(Source records)
=== Begin Enclosure ===

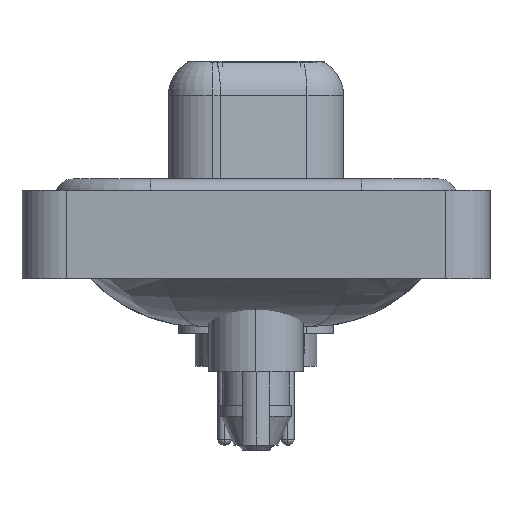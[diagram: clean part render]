
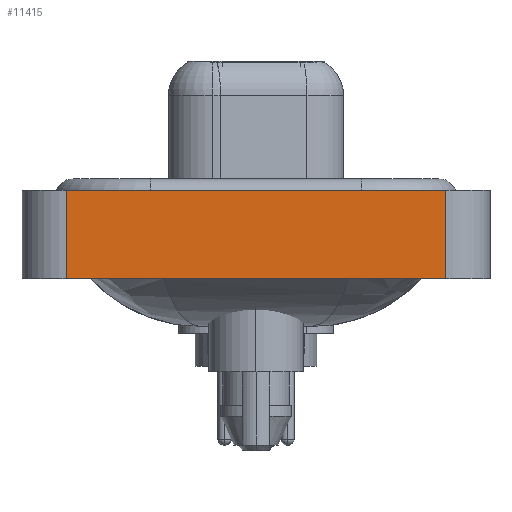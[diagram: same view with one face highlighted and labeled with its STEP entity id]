
A CAD part, left-side view. The second image highlights one B-rep face of the part: STEP entity #11415.
In plain terms, the highlighted planar face has unit normal (-1, 0, 0).
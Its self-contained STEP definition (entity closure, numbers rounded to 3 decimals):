
#714 = CARTESIAN_POINT ( 'NONE',  ( -7.35, 8.55, -3.6 ) ) ;
#780 = VERTEX_POINT ( 'NONE', #27028 ) ;
#1176 = FACE_OUTER_BOUND ( 'NONE', #9807, .T. ) ;
#1630 = CARTESIAN_POINT ( 'NONE',  ( -7.35, 8.55, 0.4 ) ) ;
#2260 = LINE ( 'NONE', #714, #3385 ) ;
#2678 = DIRECTION ( 'NONE',  ( 0., 0., 1. ) ) ;
#3385 = VECTOR ( 'NONE', #2678, 1000. ) ;
#3718 = VERTEX_POINT ( 'NONE', #22413 ) ;
#4395 = DIRECTION ( 'NONE',  ( 0., -1., 0. ) ) ;
#4463 = LINE ( 'NONE', #21596, #6581 ) ;
#4501 = ORIENTED_EDGE ( 'NONE', *, *, #14819, .T. ) ;
#5526 = PLANE ( 'NONE',  #10252 ) ;
#6397 = CARTESIAN_POINT ( 'NONE',  ( -7.35, -8.55, -3.6 ) ) ;
#6581 = VECTOR ( 'NONE', #15259, 1000. ) ;
#7907 = CARTESIAN_POINT ( 'NONE',  ( -7.35, -8.55, -3.6 ) ) ;
#7975 = EDGE_CURVE ( 'NONE', #3718, #20524, #25663, .T. ) ;
#9737 = DIRECTION ( 'NONE',  ( 0., 0., 1. ) ) ;
#9807 = EDGE_LOOP ( 'NONE', ( #12245, #25883, #23030, #4501 ) ) ;
#10252 = AXIS2_PLACEMENT_3D ( 'NONE', #7907, #27044, #9737 ) ;
#11415 = ADVANCED_FACE ( 'NONE', ( #1176 ), #5526, .T. ) ;
#12245 = ORIENTED_EDGE ( 'NONE', *, *, #7975, .T. ) ;
#12666 = LINE ( 'NONE', #23648, #15251 ) ;
#14819 = EDGE_CURVE ( 'NONE', #780, #3718, #4463, .T. ) ;
#15251 = VECTOR ( 'NONE', #4395, 1000. ) ;
#15259 = DIRECTION ( 'NONE',  ( 0., -1., 0. ) ) ;
#16501 = VERTEX_POINT ( 'NONE', #1630 ) ;
#18576 = CARTESIAN_POINT ( 'NONE',  ( -7.35, -8.55, 0.4 ) ) ;
#20524 = VERTEX_POINT ( 'NONE', #18576 ) ;
#20797 = EDGE_CURVE ( 'NONE', #780, #16501, #2260, .T. ) ;
#20881 = DIRECTION ( 'NONE',  ( 0., 0., 1. ) ) ;
#21596 = CARTESIAN_POINT ( 'NONE',  ( -7.35, -8.55, -3.6 ) ) ;
#22413 = CARTESIAN_POINT ( 'NONE',  ( -7.35, -8.55, -3.6 ) ) ;
#23030 = ORIENTED_EDGE ( 'NONE', *, *, #20797, .F. ) ;
#23648 = CARTESIAN_POINT ( 'NONE',  ( -7.35, -8.55, 0.4 ) ) ;
#25663 = LINE ( 'NONE', #6397, #25899 ) ;
#25883 = ORIENTED_EDGE ( 'NONE', *, *, #26002, .F. ) ;
#25899 = VECTOR ( 'NONE', #20881, 1000. ) ;
#26002 = EDGE_CURVE ( 'NONE', #16501, #20524, #12666, .T. ) ;
#27028 = CARTESIAN_POINT ( 'NONE',  ( -7.35, 8.55, -3.6 ) ) ;
#27044 = DIRECTION ( 'NONE',  ( -1., 0., 0. ) ) ;

=== End Enclosure ===

Keeping every character as it is, restate the lines above that run from the line with "#16501 = VERTEX_POINT ( 'NONE', #1630 ) ;" through the line with "#25899 = VECTOR ( 'NONE', #20881, 1000. ) ;", both included, and nothing else.

Output ->
#16501 = VERTEX_POINT ( 'NONE', #1630 ) ;
#18576 = CARTESIAN_POINT ( 'NONE',  ( -7.35, -8.55, 0.4 ) ) ;
#20524 = VERTEX_POINT ( 'NONE', #18576 ) ;
#20797 = EDGE_CURVE ( 'NONE', #780, #16501, #2260, .T. ) ;
#20881 = DIRECTION ( 'NONE',  ( 0., 0., 1. ) ) ;
#21596 = CARTESIAN_POINT ( 'NONE',  ( -7.35, -8.55, -3.6 ) ) ;
#22413 = CARTESIAN_POINT ( 'NONE',  ( -7.35, -8.55, -3.6 ) ) ;
#23030 = ORIENTED_EDGE ( 'NONE', *, *, #20797, .F. ) ;
#23648 = CARTESIAN_POINT ( 'NONE',  ( -7.35, -8.55, 0.4 ) ) ;
#25663 = LINE ( 'NONE', #6397, #25899 ) ;
#25883 = ORIENTED_EDGE ( 'NONE', *, *, #26002, .F. ) ;
#25899 = VECTOR ( 'NONE', #20881, 1000. ) ;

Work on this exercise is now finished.